To end with, we had not one, not two but three dessert plates. Now, whilst some might marvel at the opportunity for three puddings, I was less impressed and would have way rather another savoury option before moving to closing time. I don’t have much of a sweet tooth, however I was pleasantly surprised with the Apricot clafoutis. It was baked to ultimate tenderness and wrapped in a wafer-thin layer of batter, giving it a slight crunch on the outside. It was a simple dish, one which I would never think to make myself, but it was beautiful, and I would gladly eat it 10 times over. We were then gifted with a Black Forest Gateaux, to which Tom later described as the enemy of desserts “no one ACTUALLY likes Black Forest Gateaux”. Whilst I thought this version was perfectly pleasant, I do have to take Tom’s side (just this once). The sharp cherries cut through the richness of the chocolate cake, and whilst the actual structure of the gateaux was exceptionally done, the overall impression was just a bit ‘meh’.

Lastly, we were given a tonka bean raffaello and strawberry pate de fruit: both very impressive from a technical and taste perspective. Essentially like two small pieces of something resembling Turkish delight – the strawberry version was a little sharp and reminded me of the healthy versions of fruit winders my mum used to pack in my lunchbox. However, the raffaello was absolutely stunning. Having never tried tonka bean before in any capacity, I was pleasantly surprised at the decadent caramel, cherry, almond and vanilla notes that came through.

Overall my experience at Pidgin was a good one. The staff were friendly, the location and interior trendy yet welcoming, and the food a balance of textures and flavours that complimented each other well. Whilst I can’t really fault anything I ate; I equally wasn’t blown away by really any of the dishes. The food came out in good time - not too long between courses but enough time to cleanse the palette and get excited for what was to come, and at the end I left a very comfortable level of full.

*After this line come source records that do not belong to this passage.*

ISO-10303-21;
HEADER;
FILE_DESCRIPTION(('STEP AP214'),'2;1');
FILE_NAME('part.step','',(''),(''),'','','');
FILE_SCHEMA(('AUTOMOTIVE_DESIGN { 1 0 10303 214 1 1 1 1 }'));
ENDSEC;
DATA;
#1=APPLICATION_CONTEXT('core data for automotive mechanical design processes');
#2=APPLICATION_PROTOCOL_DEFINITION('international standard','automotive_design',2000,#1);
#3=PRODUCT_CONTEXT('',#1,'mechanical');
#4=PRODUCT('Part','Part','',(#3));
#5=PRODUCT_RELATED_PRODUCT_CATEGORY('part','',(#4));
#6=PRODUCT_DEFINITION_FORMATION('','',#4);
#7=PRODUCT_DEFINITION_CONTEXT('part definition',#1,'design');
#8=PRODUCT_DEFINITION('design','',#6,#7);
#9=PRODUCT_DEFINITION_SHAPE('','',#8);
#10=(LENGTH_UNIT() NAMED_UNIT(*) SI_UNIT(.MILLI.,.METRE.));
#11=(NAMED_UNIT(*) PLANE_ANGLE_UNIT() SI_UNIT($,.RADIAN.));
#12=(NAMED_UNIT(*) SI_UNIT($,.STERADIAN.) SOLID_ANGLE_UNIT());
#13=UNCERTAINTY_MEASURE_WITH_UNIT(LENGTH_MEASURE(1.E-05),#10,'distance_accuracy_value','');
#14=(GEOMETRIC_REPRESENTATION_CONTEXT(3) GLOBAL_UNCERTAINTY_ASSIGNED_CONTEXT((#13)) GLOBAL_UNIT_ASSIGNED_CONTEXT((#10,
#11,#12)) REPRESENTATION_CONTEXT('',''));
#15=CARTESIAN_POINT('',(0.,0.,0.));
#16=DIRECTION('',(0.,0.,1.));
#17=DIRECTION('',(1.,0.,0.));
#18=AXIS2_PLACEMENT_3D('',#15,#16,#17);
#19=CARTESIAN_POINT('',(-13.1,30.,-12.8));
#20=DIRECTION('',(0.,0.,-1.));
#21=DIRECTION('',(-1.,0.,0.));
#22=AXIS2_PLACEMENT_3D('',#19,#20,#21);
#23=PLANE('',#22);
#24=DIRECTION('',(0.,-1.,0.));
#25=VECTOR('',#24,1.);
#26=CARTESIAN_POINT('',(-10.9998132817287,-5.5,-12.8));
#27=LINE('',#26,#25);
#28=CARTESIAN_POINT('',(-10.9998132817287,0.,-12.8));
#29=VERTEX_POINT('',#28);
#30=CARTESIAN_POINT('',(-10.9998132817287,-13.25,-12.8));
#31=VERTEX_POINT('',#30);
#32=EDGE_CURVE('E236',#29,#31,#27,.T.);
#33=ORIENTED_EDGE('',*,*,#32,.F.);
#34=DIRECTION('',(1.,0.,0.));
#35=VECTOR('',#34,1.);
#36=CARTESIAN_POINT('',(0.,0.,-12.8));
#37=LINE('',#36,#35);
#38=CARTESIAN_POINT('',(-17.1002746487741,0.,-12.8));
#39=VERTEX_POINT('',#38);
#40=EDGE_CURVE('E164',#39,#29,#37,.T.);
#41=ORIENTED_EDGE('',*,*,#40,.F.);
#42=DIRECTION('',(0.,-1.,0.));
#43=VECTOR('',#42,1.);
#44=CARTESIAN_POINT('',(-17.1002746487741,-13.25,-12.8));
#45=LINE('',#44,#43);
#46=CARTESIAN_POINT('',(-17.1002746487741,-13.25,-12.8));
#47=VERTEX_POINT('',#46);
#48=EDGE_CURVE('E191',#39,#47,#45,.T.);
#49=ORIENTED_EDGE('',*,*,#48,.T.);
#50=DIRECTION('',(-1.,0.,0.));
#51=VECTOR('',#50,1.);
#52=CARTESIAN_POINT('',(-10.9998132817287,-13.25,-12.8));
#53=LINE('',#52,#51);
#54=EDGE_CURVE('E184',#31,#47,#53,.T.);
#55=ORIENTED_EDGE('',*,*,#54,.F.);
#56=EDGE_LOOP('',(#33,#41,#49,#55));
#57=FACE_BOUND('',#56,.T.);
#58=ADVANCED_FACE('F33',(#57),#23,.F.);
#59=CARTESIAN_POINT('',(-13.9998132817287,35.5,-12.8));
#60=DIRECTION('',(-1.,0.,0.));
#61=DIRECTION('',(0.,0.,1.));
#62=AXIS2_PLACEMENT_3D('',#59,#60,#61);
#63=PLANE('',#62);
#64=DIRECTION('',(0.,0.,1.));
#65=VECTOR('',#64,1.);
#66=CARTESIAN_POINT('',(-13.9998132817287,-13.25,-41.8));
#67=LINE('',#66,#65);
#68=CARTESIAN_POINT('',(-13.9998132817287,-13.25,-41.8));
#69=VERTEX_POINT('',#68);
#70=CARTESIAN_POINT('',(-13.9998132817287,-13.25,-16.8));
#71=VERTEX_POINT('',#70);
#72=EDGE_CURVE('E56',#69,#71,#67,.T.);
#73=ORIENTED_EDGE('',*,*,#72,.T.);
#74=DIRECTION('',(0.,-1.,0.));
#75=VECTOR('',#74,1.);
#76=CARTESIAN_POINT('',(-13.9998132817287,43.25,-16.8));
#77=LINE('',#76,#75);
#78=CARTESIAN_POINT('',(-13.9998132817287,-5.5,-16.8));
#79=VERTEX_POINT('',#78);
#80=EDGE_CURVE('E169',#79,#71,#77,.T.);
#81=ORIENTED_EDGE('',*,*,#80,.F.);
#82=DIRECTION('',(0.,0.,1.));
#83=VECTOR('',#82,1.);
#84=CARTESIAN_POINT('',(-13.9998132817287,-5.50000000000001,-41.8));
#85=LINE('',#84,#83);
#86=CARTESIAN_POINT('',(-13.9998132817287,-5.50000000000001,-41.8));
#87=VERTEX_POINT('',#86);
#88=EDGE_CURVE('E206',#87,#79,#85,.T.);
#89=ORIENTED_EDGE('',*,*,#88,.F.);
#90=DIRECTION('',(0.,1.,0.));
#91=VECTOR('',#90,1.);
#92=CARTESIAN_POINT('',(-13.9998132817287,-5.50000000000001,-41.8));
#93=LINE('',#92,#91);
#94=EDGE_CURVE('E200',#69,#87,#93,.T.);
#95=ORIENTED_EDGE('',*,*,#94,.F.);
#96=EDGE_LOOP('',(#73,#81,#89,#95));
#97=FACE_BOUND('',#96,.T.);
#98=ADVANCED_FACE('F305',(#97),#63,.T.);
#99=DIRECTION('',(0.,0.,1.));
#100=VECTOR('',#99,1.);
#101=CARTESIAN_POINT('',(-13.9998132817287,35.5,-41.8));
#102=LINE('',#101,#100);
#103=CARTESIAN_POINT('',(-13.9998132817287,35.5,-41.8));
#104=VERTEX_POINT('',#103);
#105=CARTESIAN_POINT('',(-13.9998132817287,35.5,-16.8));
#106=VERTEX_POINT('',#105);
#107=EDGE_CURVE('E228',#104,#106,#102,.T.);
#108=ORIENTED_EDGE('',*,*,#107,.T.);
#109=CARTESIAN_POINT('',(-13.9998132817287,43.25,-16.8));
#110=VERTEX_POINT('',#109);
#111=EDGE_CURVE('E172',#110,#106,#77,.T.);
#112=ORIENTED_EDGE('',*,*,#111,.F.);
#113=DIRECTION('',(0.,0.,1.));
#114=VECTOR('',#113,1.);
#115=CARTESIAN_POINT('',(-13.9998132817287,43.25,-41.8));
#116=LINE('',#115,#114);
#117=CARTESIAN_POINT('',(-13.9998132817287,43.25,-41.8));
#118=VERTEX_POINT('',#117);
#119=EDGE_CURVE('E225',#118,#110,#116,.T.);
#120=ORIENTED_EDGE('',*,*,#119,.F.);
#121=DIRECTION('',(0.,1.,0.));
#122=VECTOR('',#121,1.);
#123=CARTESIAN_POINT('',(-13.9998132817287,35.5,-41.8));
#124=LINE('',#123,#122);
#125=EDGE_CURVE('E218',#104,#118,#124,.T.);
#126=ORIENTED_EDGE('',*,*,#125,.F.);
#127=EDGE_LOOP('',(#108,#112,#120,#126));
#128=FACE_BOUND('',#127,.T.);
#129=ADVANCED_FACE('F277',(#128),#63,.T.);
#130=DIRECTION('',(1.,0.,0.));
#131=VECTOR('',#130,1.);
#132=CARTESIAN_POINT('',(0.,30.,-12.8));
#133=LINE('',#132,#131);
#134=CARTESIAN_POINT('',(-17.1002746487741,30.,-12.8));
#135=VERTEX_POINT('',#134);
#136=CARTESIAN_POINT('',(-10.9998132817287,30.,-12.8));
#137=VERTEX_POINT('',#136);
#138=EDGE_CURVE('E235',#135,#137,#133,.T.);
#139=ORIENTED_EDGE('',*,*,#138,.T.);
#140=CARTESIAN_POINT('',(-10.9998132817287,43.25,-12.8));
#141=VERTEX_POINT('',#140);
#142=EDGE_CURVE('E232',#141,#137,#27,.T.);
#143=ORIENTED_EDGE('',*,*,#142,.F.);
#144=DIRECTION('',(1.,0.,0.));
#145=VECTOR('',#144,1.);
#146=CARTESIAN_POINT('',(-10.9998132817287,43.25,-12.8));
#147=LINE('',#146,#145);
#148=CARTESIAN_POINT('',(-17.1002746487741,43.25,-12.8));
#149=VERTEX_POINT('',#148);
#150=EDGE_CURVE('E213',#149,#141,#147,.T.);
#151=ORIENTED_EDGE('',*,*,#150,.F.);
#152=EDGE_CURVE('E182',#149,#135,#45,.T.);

However, given that this was the most expensive tasting menu I’ve had to date, was it worth the £180 bill at the end? In all honesty, probably not. Everything was nice – but nothing was mind blowing. It was missing that moment where I closed my eyes and savoured the flavour, wishing it to never end. The verdict is that Pidgin is a really nice experience, but not a particularly memorable one.